Abu Masyitah, Zahri Nik Adilah Hanin, Amir Amiza, Ismail Muhammad Izham, Yaakub Azhany, Anwar Said Amirul, Ahmad Muhammad Imran
Center of Excellence for Advanced Computing, Faculty of Electronic Engineering Technology, Universiti Malaysia Perlis, Kangar 01000, Malaysia.
Institute of Engineering Mathematics, Faculty of Applied and Human Sciences, Universiti Malaysia Perlis, Arau 02600, Malaysia.
Diagnostics (Basel). 2022 May 18;12(5):1258. doi: 10.3390/diagnostics12051258.
Numerous research have demonstrated that Convolutional Neural Network (CNN) models are capable of classifying visual field (VF) defects with great accuracy. In this study, we evaluated the performance of different pre-trained models (VGG-Net, MobileNet, ResNet, and DenseNet) in classifying VF defects and produced a comprehensive comparative analysis to compare the performance of different CNN models before and after hyperparameter tuning and fine-tuning. Using 32 batch sizes, 50 epochs, and ADAM as the optimizer to optimize weight, bias, and learning rate, VGG-16 obtained the highest accuracy of 97.63 percent, according to experimental findings. Subsequently, Bayesian optimization was utilized to execute automated hyperparameter tuning and automated fine-tuning layers of the pre-trained models to determine the optimal hyperparameter and fine-tuning layer for classifying many VF defect with the highest accuracy. We found that the combination of different hyperparameters and fine-tuning of the pre-trained models significantly impact the performance of deep learning models for this classification task.

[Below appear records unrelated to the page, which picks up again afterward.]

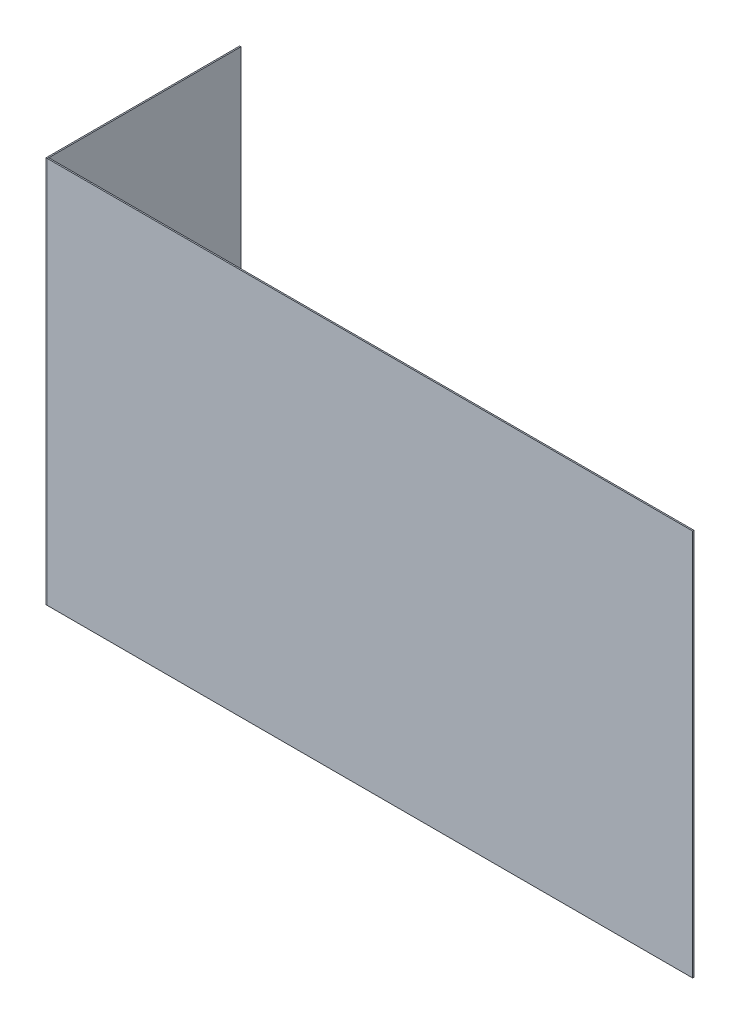
ISO-10303-21;
HEADER;
FILE_DESCRIPTION(('STEP AP214'),'2;1');
FILE_NAME('part.step','',(''),(''),'','','');
FILE_SCHEMA(('AUTOMOTIVE_DESIGN { 1 0 10303 214 1 1 1 1 }'));
ENDSEC;
DATA;
#1=APPLICATION_CONTEXT('core data for automotive mechanical design processes');
#2=APPLICATION_PROTOCOL_DEFINITION('international standard','automotive_design',2000,#1);
#3=PRODUCT_CONTEXT('',#1,'mechanical');
#4=PRODUCT('Part','Part','',(#3));
#5=PRODUCT_RELATED_PRODUCT_CATEGORY('part','',(#4));
#6=PRODUCT_DEFINITION_FORMATION('','',#4);
#7=PRODUCT_DEFINITION_CONTEXT('part definition',#1,'design');
#8=PRODUCT_DEFINITION('design','',#6,#7);
#9=PRODUCT_DEFINITION_SHAPE('','',#8);
#10=(LENGTH_UNIT() NAMED_UNIT(*) SI_UNIT(.MILLI.,.METRE.));
#11=(NAMED_UNIT(*) PLANE_ANGLE_UNIT() SI_UNIT($,.RADIAN.));
#12=(NAMED_UNIT(*) SI_UNIT($,.STERADIAN.) SOLID_ANGLE_UNIT());
#13=UNCERTAINTY_MEASURE_WITH_UNIT(LENGTH_MEASURE(1.E-05),#10,'distance_accuracy_value','');
#14=(GEOMETRIC_REPRESENTATION_CONTEXT(3) GLOBAL_UNCERTAINTY_ASSIGNED_CONTEXT((#13)) GLOBAL_UNIT_ASSIGNED_CONTEXT((#10,
#11,#12)) REPRESENTATION_CONTEXT('',''));
#15=CARTESIAN_POINT('',(0.,0.,0.));
#16=DIRECTION('',(0.,0.,1.));
#17=DIRECTION('',(1.,0.,0.));
#18=AXIS2_PLACEMENT_3D('',#15,#16,#17);
#19=CARTESIAN_POINT('',(-68.7543594667373,-13.6887447732236,2.85715075929774));
#20=DIRECTION('',(-0.999999998763547,2.53763678809025E-06,4.96635296327839E-05));
#21=DIRECTION('',(2.53763679121975E-06,0.99999999999678,0.));
#22=AXIS2_PLACEMENT_3D('',#19,#20,#21);
#23=PLANE('',#22);
#24=DIRECTION('',(-2.53763678787463E-06,-0.99999999999678,6.73555915897836E-11));
#25=VECTOR('',#24,1.);
#26=CARTESIAN_POINT('',(-68.7543594667373,-13.6887447732236,2.85715075929774));
#27=LINE('',#26,#25);
#28=CARTESIAN_POINT('',(-68.7543594667373,-13.6887447732236,2.85715075929774));
#29=VERTEX_POINT('',#28);
#30=CARTESIAN_POINT('',(-68.7543602280284,-13.9887447732226,2.85715075931795));
#31=VERTEX_POINT('',#30);
#32=EDGE_CURVE('E209',#29,#31,#27,.T.);
#33=ORIENTED_EDGE('',*,*,#32,.T.);
#34=DIRECTION('',(-4.96635296327949E-05,5.86724083053525E-11,-0.999999998766767));
#35=VECTOR('',#34,1.);
#36=CARTESIAN_POINT('',(-68.7543602280284,-13.9887447732226,2.85715075931795));
#37=LINE('',#36,#35);
#38=CARTESIAN_POINT('',(-68.7543602776919,-13.9887447732226,2.85615075931918));
#39=VERTEX_POINT('',#38);
#40=EDGE_CURVE('E21',#31,#39,#37,.T.);
#41=ORIENTED_EDGE('',*,*,#40,.T.);
#42=DIRECTION('',(-2.53763678787463E-06,-0.99999999999678,6.73555915897836E-11));
#43=VECTOR('',#42,1.);
#44=CARTESIAN_POINT('',(-68.7543595164009,-13.6887447732236,2.85615075929898));
#45=LINE('',#44,#43);
#46=CARTESIAN_POINT('',(-68.7543595164009,-13.6887447732236,2.85615075929898));
#47=VERTEX_POINT('',#46);
#48=EDGE_CURVE('E195',#47,#39,#45,.T.);
#49=ORIENTED_EDGE('',*,*,#48,.F.);
#50=DIRECTION('',(-4.96635296327949E-05,5.86724083053525E-11,-0.999999998766767));
#51=VECTOR('',#50,1.);
#52=CARTESIAN_POINT('',(-68.7543594667373,-13.6887447732236,2.85715075929774));
#53=LINE('',#52,#51);
#54=EDGE_CURVE('E11',#29,#47,#53,.T.);
#55=ORIENTED_EDGE('',*,*,#54,.F.);
#56=EDGE_LOOP('',(#33,#41,#49,#55));
#57=FACE_BOUND('',#56,.T.);
#58=ADVANCED_FACE('F17',(#57),#23,.F.);
#59=CARTESIAN_POINT('',(-69.2553594661179,-13.6887435018676,2.85717564072609));
#60=DIRECTION('',(-2.53763678787463E-06,-0.99999999999678,6.73555915897836E-11));
#61=DIRECTION('',(-0.99999999999678,2.53763678787463E-06,0.));
#62=AXIS2_PLACEMENT_3D('',#59,#60,#61);
#63=PLANE('',#62);
#64=ORIENTED_EDGE('',*,*,#54,.T.);
#65=DIRECTION('',(0.999999998763547,-2.53763678809025E-06,-4.96635296327839E-05));
#66=VECTOR('',#65,1.);
#67=CARTESIAN_POINT('',(-69.2553595157814,-13.6887435018675,2.85617564072732));
#68=LINE('',#67,#66);
#69=CARTESIAN_POINT('',(-69.2543595157826,-13.6887435044052,2.85617559106379));
#70=VERTEX_POINT('',#69);
#71=EDGE_CURVE('E74',#70,#47,#68,.T.);
#72=ORIENTED_EDGE('',*,*,#71,.F.);
#73=DIRECTION('',(-4.9663529633017E-05,5.86724083059159E-11,-0.999999998766767));
#74=VECTOR('',#73,1.);
#75=CARTESIAN_POINT('',(-69.2543594661191,-13.6887435044052,2.85717559106256));
#76=LINE('',#75,#74);
#77=CARTESIAN_POINT('',(-69.2543594661191,-13.6887435044052,2.85717559106256));
#78=VERTEX_POINT('',#77);
#79=EDGE_CURVE('E192',#78,#70,#76,.T.);
#80=ORIENTED_EDGE('',*,*,#79,.F.);
#81=DIRECTION('',(0.999999998763547,-2.53763678809025E-06,-4.96635296327839E-05));
#82=VECTOR('',#81,1.);
#83=CARTESIAN_POINT('',(-69.2553594661179,-13.6887435018676,2.85717564072609));
#84=LINE('',#83,#82);
#85=EDGE_CURVE('E204',#78,#29,#84,.T.);
#86=ORIENTED_EDGE('',*,*,#85,.T.);
#87=EDGE_LOOP('',(#64,#72,#80,#86));
#88=FACE_BOUND('',#87,.T.);
#89=ADVANCED_FACE('F19',(#88),#63,.F.);
#90=CARTESIAN_POINT('',(-68.7543602280284,-13.9887447732226,2.85715075931795));
#91=DIRECTION('',(2.53763678787463E-06,0.99999999999678,-6.73555915897837E-11));
#92=DIRECTION('',(-2.65426446715687E-05,0.,-0.999999999647744));
#93=AXIS2_PLACEMENT_3D('',#90,#91,#92);
#94=PLANE('',#93);
#95=DIRECTION('',(4.9663529633017E-05,-5.86724083059159E-11,0.999999998766767));
#96=VECTOR('',#95,1.);
#97=CARTESIAN_POINT('',(-69.2543676769396,-13.9887435043955,2.70717559126775));
#98=LINE('',#97,#96);
#99=CARTESIAN_POINT('',(-69.2543602770737,-13.9887435044042,2.856175591084));
#100=VERTEX_POINT('',#99);
#101=CARTESIAN_POINT('',(-69.2543602274101,-13.9887435044043,2.85717559108277));
#102=VERTEX_POINT('',#101);
#103=EDGE_CURVE('E189',#100,#102,#98,.T.);
#104=ORIENTED_EDGE('',*,*,#103,.F.);
#105=DIRECTION('',(-0.999999998763547,2.53763678809025E-06,4.96635296327839E-05));
#106=VECTOR('',#105,1.);
#107=CARTESIAN_POINT('',(-68.7543602776919,-13.9887447732226,2.85615075931918));
#108=LINE('',#107,#106);
#109=EDGE_CURVE('E198',#39,#100,#108,.T.);
#110=ORIENTED_EDGE('',*,*,#109,.F.);
#111=ORIENTED_EDGE('',*,*,#40,.F.);
#112=DIRECTION('',(-0.999999998763547,2.53763678809025E-06,4.96635296327839E-05));
#113=VECTOR('',#112,1.);
#114=CARTESIAN_POINT('',(-68.7543602280284,-13.9887447732226,2.85715075931795));
#115=LINE('',#114,#113);
#116=EDGE_CURVE('E84',#31,#102,#115,.T.);
#117=ORIENTED_EDGE('',*,*,#116,.T.);
#118=EDGE_LOOP('',(#104,#110,#111,#117));
#119=FACE_BOUND('',#118,.T.);
#120=ADVANCED_FACE('F216',(#119),#94,.F.);
#121=CARTESIAN_POINT('',(-69.2553594661179,-13.6887435018676,2.85717564072609));
#122=DIRECTION('',(4.96635296327949E-05,-5.86724083053525E-11,0.999999998766767));
#123=DIRECTION('',(-1.18139827634337E-06,-0.999999999999302,0.));
#124=AXIS2_PLACEMENT_3D('',#121,#122,#123);
#125=PLANE('',#124);
#126=ORIENTED_EDGE('',*,*,#85,.F.);
#127=DIRECTION('',(2.53763678787463E-06,0.99999999999678,-6.73555915897836E-11));
#128=VECTOR('',#127,1.);
#129=CARTESIAN_POINT('',(-69.2543602274101,-13.9887435044043,2.85717559108277));
#130=LINE('',#129,#128);
#131=EDGE_CURVE('E173',#102,#78,#130,.T.);
#132=ORIENTED_EDGE('',*,*,#131,.F.);
#133=ORIENTED_EDGE('',*,*,#116,.F.);
#134=ORIENTED_EDGE('',*,*,#32,.F.);
#135=EDGE_LOOP('',(#126,#132,#133,#134));
#136=FACE_BOUND('',#135,.T.);
#137=ADVANCED_FACE('F236',(#136),#125,.T.);
#138=CARTESIAN_POINT('',(-69.2553595157814,-13.6887435018675,2.85617564072732));
#139=DIRECTION('',(4.96635296327949E-05,-5.86724083053525E-11,0.999999998766767));
#140=DIRECTION('',(-1.18139827634337E-06,-0.999999999999302,0.));
#141=AXIS2_PLACEMENT_3D('',#138,#139,#140);
#142=PLANE('',#141);
#143=ORIENTED_EDGE('',*,*,#48,.T.);
#144=ORIENTED_EDGE('',*,*,#109,.T.);
#145=DIRECTION('',(2.53763678787463E-06,0.99999999999678,-6.73555915897836E-11));
#146=VECTOR('',#145,1.);
#147=CARTESIAN_POINT('',(-69.2543595157826,-13.6887435044052,2.85617559106379));
#148=LINE('',#147,#146);
#149=EDGE_CURVE('E127',#100,#70,#148,.T.);
#150=ORIENTED_EDGE('',*,*,#149,.T.);
#151=ORIENTED_EDGE('',*,*,#71,.T.);
#152=EDGE_LOOP('',(#143,#144,#150,#151));
#153=FACE_BOUND('',#152,.T.);
#154=ADVANCED_FACE('F218',(#153),#142,.F.);
#155=CARTESIAN_POINT('',(-69.2543594661191,-13.6887435044052,2.85717559106256));
#156=DIRECTION('',(-2.53763678787463E-06,-0.99999999999678,6.73555915897836E-11));
#157=DIRECTION('',(-0.99999999999678,2.53763678787463E-06,0.));
#158=AXIS2_PLACEMENT_3D('',#155,#156,#157);
#159=PLANE('',#158);
#160=DIRECTION('',(0.999999998763547,-2.53763678809025E-06,-4.96635296327839E-05));
#161=VECTOR('',#160,1.);
#162=CARTESIAN_POINT('',(-69.2553595157814,-13.6887435018675,2.85617564072732));
#163=LINE('',#162,#161);
#164=CARTESIAN_POINT('',(-69.2553595157814,-13.6887435018675,2.85617564072732));
#165=VERTEX_POINT('',#164);
#166=EDGE_CURVE('E172',#165,#70,#163,.T.);
#167=ORIENTED_EDGE('',*,*,#166,.F.);
#168=DIRECTION('',(-4.96635296327949E-05,5.86724083053525E-11,-0.999999998766767));
#169=VECTOR('',#168,1.);
#170=CARTESIAN_POINT('',(-69.2553594661179,-13.6887435018676,2.85717564072609));
#171=LINE('',#170,#169);
#172=CARTESIAN_POINT('',(-69.2553594661179,-13.6887435018676,2.85717564072609));
#173=VERTEX_POINT('',#172);
#174=EDGE_CURVE('E160',#173,#165,#171,.T.);
#175=ORIENTED_EDGE('',*,*,#174,.F.);
#176=DIRECTION('',(-0.999999998763547,2.53763678809025E-06,4.96635296327839E-05));
#177=VECTOR('',#176,1.);
#178=CARTESIAN_POINT('',(-69.2543594661191,-13.6887435044052,2.85717559106256));
#179=LINE('',#178,#177);
#180=EDGE_CURVE('E177',#78,#173,#179,.T.);
#181=ORIENTED_EDGE('',*,*,#180,.F.);
#182=ORIENTED_EDGE('',*,*,#79,.T.);
#183=EDGE_LOOP('',(#167,#175,#181,#182));
#184=FACE_BOUND('',#183,.T.);
#185=ADVANCED_FACE('F224',(#184),#159,.F.);
#186=CARTESIAN_POINT('',(-69.2543676769396,-13.9887435043955,2.70717559126775));
#187=DIRECTION('',(2.53763678787463E-06,0.99999999999678,-6.73555915897837E-11));
#188=DIRECTION('',(-2.65426446715687E-05,0.,-0.999999999647744));
#189=AXIS2_PLACEMENT_3D('',#186,#187,#188);
#190=PLANE('',#189);
#191=DIRECTION('',(-0.999999998763547,2.53763678809025E-06,4.96635296327839E-05));
#192=VECTOR('',#191,1.);
#193=CARTESIAN_POINT('',(-69.2543602274101,-13.9887435044043,2.85717559108277));
#194=LINE('',#193,#192);
#195=CARTESIAN_POINT('',(-69.2553602274089,-13.9887435018666,2.8571756407463));
#196=VERTEX_POINT('',#195);
#197=EDGE_CURVE('E186',#102,#196,#194,.T.);
#198=ORIENTED_EDGE('',*,*,#197,.T.);
#199=DIRECTION('',(-4.96635296327949E-05,5.86724083053525E-11,-0.999999998766767));
#200=VECTOR('',#199,1.);
#201=CARTESIAN_POINT('',(-69.2553602274089,-13.9887435018666,2.8571756407463));
#202=LINE('',#201,#200);
#203=CARTESIAN_POINT('',(-69.2553602770724,-13.9887435018666,2.85617564074753));
#204=VERTEX_POINT('',#203);
#205=EDGE_CURVE('E164',#196,#204,#202,.T.);
#206=ORIENTED_EDGE('',*,*,#205,.T.);
#207=DIRECTION('',(-0.999999998763547,2.53763678809025E-06,4.96635296327839E-05));
#208=VECTOR('',#207,1.);
#209=CARTESIAN_POINT('',(-68.7543602776919,-13.9887447732226,2.85615075931918));
#210=LINE('',#209,#208);
#211=EDGE_CURVE('E133',#100,#204,#210,.T.);
#212=ORIENTED_EDGE('',*,*,#211,.F.);
#213=ORIENTED_EDGE('',*,*,#103,.T.);
#214=EDGE_LOOP('',(#198,#206,#212,#213));
#215=FACE_BOUND('',#214,.T.);
#216=ADVANCED_FACE('F252',(#215),#190,.F.);
#217=CARTESIAN_POINT('',(-69.2553594661179,-13.6887435018676,2.85717564072609));
#218=DIRECTION('',(4.96635296327949E-05,-5.86724083053525E-11,0.999999998766767));
#219=DIRECTION('',(-1.18139827634337E-06,-0.999999999999302,0.));
#220=AXIS2_PLACEMENT_3D('',#217,#218,#219);
#221=PLANE('',#220);
#222=ORIENTED_EDGE('',*,*,#131,.T.);
#223=ORIENTED_EDGE('',*,*,#180,.T.);
#224=DIRECTION('',(2.53763678787463E-06,0.99999999999678,-6.73555915897836E-11));
#225=VECTOR('',#224,1.);
#226=CARTESIAN_POINT('',(-69.2553602274089,-13.9887435018666,2.8571756407463));
#227=LINE('',#226,#225);
#228=EDGE_CURVE('E132',#196,#173,#227,.T.);
#229=ORIENTED_EDGE('',*,*,#228,.F.);
#230=ORIENTED_EDGE('',*,*,#197,.F.);
#231=EDGE_LOOP('',(#222,#223,#229,#230));
#232=FACE_BOUND('',#231,.T.);
#233=ADVANCED_FACE('F233',(#232),#221,.T.);
#234=CARTESIAN_POINT('',(-69.2543594661191,-13.6887435044052,2.85717559106256));
#235=DIRECTION('',(0.999999998763547,-2.53763678809025E-06,-4.9663529633006E-05));
#236=DIRECTION('',(0.,-0.998697120149495,0.0510300127876302));
#237=AXIS2_PLACEMENT_3D('',#234,#235,#236);
#238=PLANE('',#237);
#239=DIRECTION('',(-4.9663529633017E-05,5.86724083059159E-11,-0.999999998766767));
#240=VECTOR('',#239,1.);
#241=CARTESIAN_POINT('',(-69.2543594661191,-13.6887435044052,2.85717559106256));
#242=LINE('',#241,#240);
#243=CARTESIAN_POINT('',(-69.2543669156486,-13.6887435043964,2.70717559124754));
#244=VERTEX_POINT('',#243);
#245=EDGE_CURVE('E113',#70,#244,#242,.T.);
#246=ORIENTED_EDGE('',*,*,#245,.F.);
#247=ORIENTED_EDGE('',*,*,#149,.F.);
#248=DIRECTION('',(4.9663529633017E-05,-5.86724083059159E-11,0.999999998766767));
#249=VECTOR('',#248,1.);
#250=CARTESIAN_POINT('',(-69.2543676769396,-13.9887435043955,2.70717559126775));
#251=LINE('',#250,#249);
#252=CARTESIAN_POINT('',(-69.2543676769396,-13.9887435043955,2.70717559126775));
#253=VERTEX_POINT('',#252);
#254=EDGE_CURVE('E121',#253,#100,#251,.T.);
#255=ORIENTED_EDGE('',*,*,#254,.F.);
#256=DIRECTION('',(-2.53763678787463E-06,-0.99999999999678,6.73555915897836E-11));
#257=VECTOR('',#256,1.);
#258=CARTESIAN_POINT('',(-69.2543669156486,-13.6887435043964,2.70717559124754));
#259=LINE('',#258,#257);
#260=EDGE_CURVE('E125',#244,#253,#259,.T.);
#261=ORIENTED_EDGE('',*,*,#260,.F.);
#262=EDGE_LOOP('',(#246,#247,#255,#261));
#263=FACE_BOUND('',#262,.T.);
#264=ADVANCED_FACE('F123',(#263),#238,.T.);
#265=CARTESIAN_POINT('',(-69.2543594661191,-13.6887435044052,2.85717559106256));
#266=DIRECTION('',(-2.53763678787463E-06,-0.99999999999678,6.73555915897836E-11));
#267=DIRECTION('',(-0.99999999999678,2.53763678787463E-06,0.));
#268=AXIS2_PLACEMENT_3D('',#265,#266,#267);
#269=PLANE('',#268);
#270=DIRECTION('',(-0.999999998763547,2.53763678809025E-06,4.96635296327839E-05));
#271=VECTOR('',#270,1.);
#272=CARTESIAN_POINT('',(-69.2543669156486,-13.6887435043964,2.70717559124754));
#273=LINE('',#272,#271);
#274=CARTESIAN_POINT('',(-69.2553669156473,-13.6887435018588,2.70717564091107));
#275=VERTEX_POINT('',#274);
#276=EDGE_CURVE('E144',#244,#275,#273,.T.);
#277=ORIENTED_EDGE('',*,*,#276,.T.);
#278=DIRECTION('',(-4.9663529633017E-05,5.86724083059159E-11,-0.999999998766767));
#279=VECTOR('',#278,1.);
#280=CARTESIAN_POINT('',(-69.2553594661179,-13.6887435018676,2.85717564072609));
#281=LINE('',#280,#279);
#282=EDGE_CURVE('E148',#165,#275,#281,.T.);
#283=ORIENTED_EDGE('',*,*,#282,.F.);
#284=ORIENTED_EDGE('',*,*,#166,.T.);
#285=ORIENTED_EDGE('',*,*,#245,.T.);
#286=EDGE_LOOP('',(#277,#283,#284,#285));
#287=FACE_BOUND('',#286,.T.);
#288=ADVANCED_FACE('F220',(#287),#269,.F.);
#289=CARTESIAN_POINT('',(-69.2553602274089,-13.9887435018666,2.8571756407463));
#290=DIRECTION('',(0.999999998763547,-2.53763678809025E-06,-4.96635296327839E-05));
#291=DIRECTION('',(0.,-0.998697120149483,0.0510300127878578));
#292=AXIS2_PLACEMENT_3D('',#289,#290,#291);
#293=PLANE('',#292);
#294=ORIENTED_EDGE('',*,*,#228,.T.);
#295=ORIENTED_EDGE('',*,*,#174,.T.);
#296=DIRECTION('',(2.53763678787463E-06,0.99999999999678,-6.73555915897836E-11));
#297=VECTOR('',#296,1.);
#298=CARTESIAN_POINT('',(-69.2553602770724,-13.9887435018666,2.85617564074753));
#299=LINE('',#298,#297);
#300=EDGE_CURVE('E155',#204,#165,#299,.T.);
#301=ORIENTED_EDGE('',*,*,#300,.F.);
#302=ORIENTED_EDGE('',*,*,#205,.F.);
#303=EDGE_LOOP('',(#294,#295,#301,#302));
#304=FACE_BOUND('',#303,.T.);
#305=ADVANCED_FACE('F228',(#304),#293,.F.);
#306=CARTESIAN_POINT('',(-69.2543676769396,-13.9887435043955,2.70717559126775));
#307=DIRECTION('',(2.53763678787463E-06,0.99999999999678,-6.73555915897837E-11));
#308=DIRECTION('',(-2.65426446715687E-05,0.,-0.999999999647744));
#309=AXIS2_PLACEMENT_3D('',#306,#307,#308);
#310=PLANE('',#309);
#311=ORIENTED_EDGE('',*,*,#211,.T.);
#312=DIRECTION('',(4.9663529633017E-05,-5.86724083059159E-11,0.999999998766767));
#313=VECTOR('',#312,1.);
#314=CARTESIAN_POINT('',(-69.2553676769383,-13.9887435018578,2.70717564093128));
#315=LINE('',#314,#313);
#316=CARTESIAN_POINT('',(-69.2553676769383,-13.9887435018578,2.70717564093128));
#317=VERTEX_POINT('',#316);
#318=EDGE_CURVE('E139',#317,#204,#315,.T.);
#319=ORIENTED_EDGE('',*,*,#318,.F.);
#320=DIRECTION('',(-0.999999998763547,2.53763678809025E-06,4.96635296327839E-05));
#321=VECTOR('',#320,1.);
#322=CARTESIAN_POINT('',(-69.2543676769396,-13.9887435043955,2.70717559126775));
#323=LINE('',#322,#321);
#324=EDGE_CURVE('E136',#253,#317,#323,.T.);
#325=ORIENTED_EDGE('',*,*,#324,.F.);
#326=ORIENTED_EDGE('',*,*,#254,.T.);
#327=EDGE_LOOP('',(#311,#319,#325,#326));
#328=FACE_BOUND('',#327,.T.);
#329=ADVANCED_FACE('F137',(#328),#310,.F.);
#330=CARTESIAN_POINT('',(-69.2543669156486,-13.6887435043964,2.70717559124754));
#331=DIRECTION('',(4.96635296327949E-05,-5.86724083053525E-11,0.999999998766767));
#332=DIRECTION('',(-1.18139827634337E-06,-0.999999999999302,0.));
#333=AXIS2_PLACEMENT_3D('',#330,#331,#332);
#334=PLANE('',#333);
#335=ORIENTED_EDGE('',*,*,#260,.T.);
#336=ORIENTED_EDGE('',*,*,#324,.T.);
#337=DIRECTION('',(-2.53763678787463E-06,-0.99999999999678,6.73555915897836E-11));
#338=VECTOR('',#337,1.);
#339=CARTESIAN_POINT('',(-69.2553669156473,-13.6887435018588,2.70717564091107));
#340=LINE('',#339,#338);
#341=EDGE_CURVE('E463',#275,#317,#340,.T.);
#342=ORIENTED_EDGE('',*,*,#341,.F.);
#343=ORIENTED_EDGE('',*,*,#276,.F.);
#344=EDGE_LOOP('',(#335,#336,#342,#343));
#345=FACE_BOUND('',#344,.T.);
#346=ADVANCED_FACE('F146',(#345),#334,.F.);
#347=CARTESIAN_POINT('',(-69.2553594661179,-13.6887435018676,2.85717564072609));
#348=DIRECTION('',(0.999999998763547,-2.53763678809025E-06,-4.9663529633006E-05));
#349=DIRECTION('',(0.,-0.998697120149495,0.0510300127876302));
#350=AXIS2_PLACEMENT_3D('',#347,#348,#349);
#351=PLANE('',#350);
#352=ORIENTED_EDGE('',*,*,#341,.T.);
#353=ORIENTED_EDGE('',*,*,#318,.T.);
#354=ORIENTED_EDGE('',*,*,#300,.T.);
#355=ORIENTED_EDGE('',*,*,#282,.T.);
#356=EDGE_LOOP('',(#352,#353,#354,#355));
#357=FACE_BOUND('',#356,.T.);
#358=ADVANCED_FACE('F253',(#357),#351,.F.);
#359=CLOSED_SHELL('',(#58,#89,#120,#137,#154,#185,#216,#233,#264,#288,#305,#329,#346,#358));
#360=MANIFOLD_SOLID_BREP('B1',#359);
#361=ADVANCED_BREP_SHAPE_REPRESENTATION('',(#18,#360),#14);
#362=SHAPE_DEFINITION_REPRESENTATION(#9,#361);
ENDSEC;
END-ISO-10303-21;

In addition, we also discovered that the automated selection of optimal hyperparameters and fine-tuning by Bayesian has significantly enhanced the performance of the pre-trained models. The results observed the best performance for the DenseNet-121 model with a validation accuracy of 98.46% and a test accuracy of 99.57% for the tested datasets.
大量研究表明,卷积神经网络(CNN)模型能够高精度地对视野(VF)缺陷进行分类。在本研究中,我们评估了不同预训练模型(VGG-Net、MobileNet、ResNet和DenseNet)在分类VF缺陷方面的性能,并进行了全面的比较分析,以比较不同CNN模型在超参数调整和微调前后的性能。根据实验结果,使用32的批量大小、50个轮次,并以ADAM作为优化器来优化权重、偏差和学习率,VGG-16获得了97.63%的最高准确率。随后,利用贝叶斯优化对预训练模型执行自动超参数调整和自动微调层,以确定用于以最高准确率对多种VF缺陷进行分类的最优超参数和微调层。我们发现,不同超参数的组合以及预训练模型的微调对深度学习模型在此分类任务中的性能有显著影响。此外,我们还发现,通过贝叶斯自动选择最优超参数和进行微调显著提高了预训练模型的性能。对于测试数据集,DenseNet-121模型表现出最佳性能,验证准确率为98.46%,测试准确率为99.57%。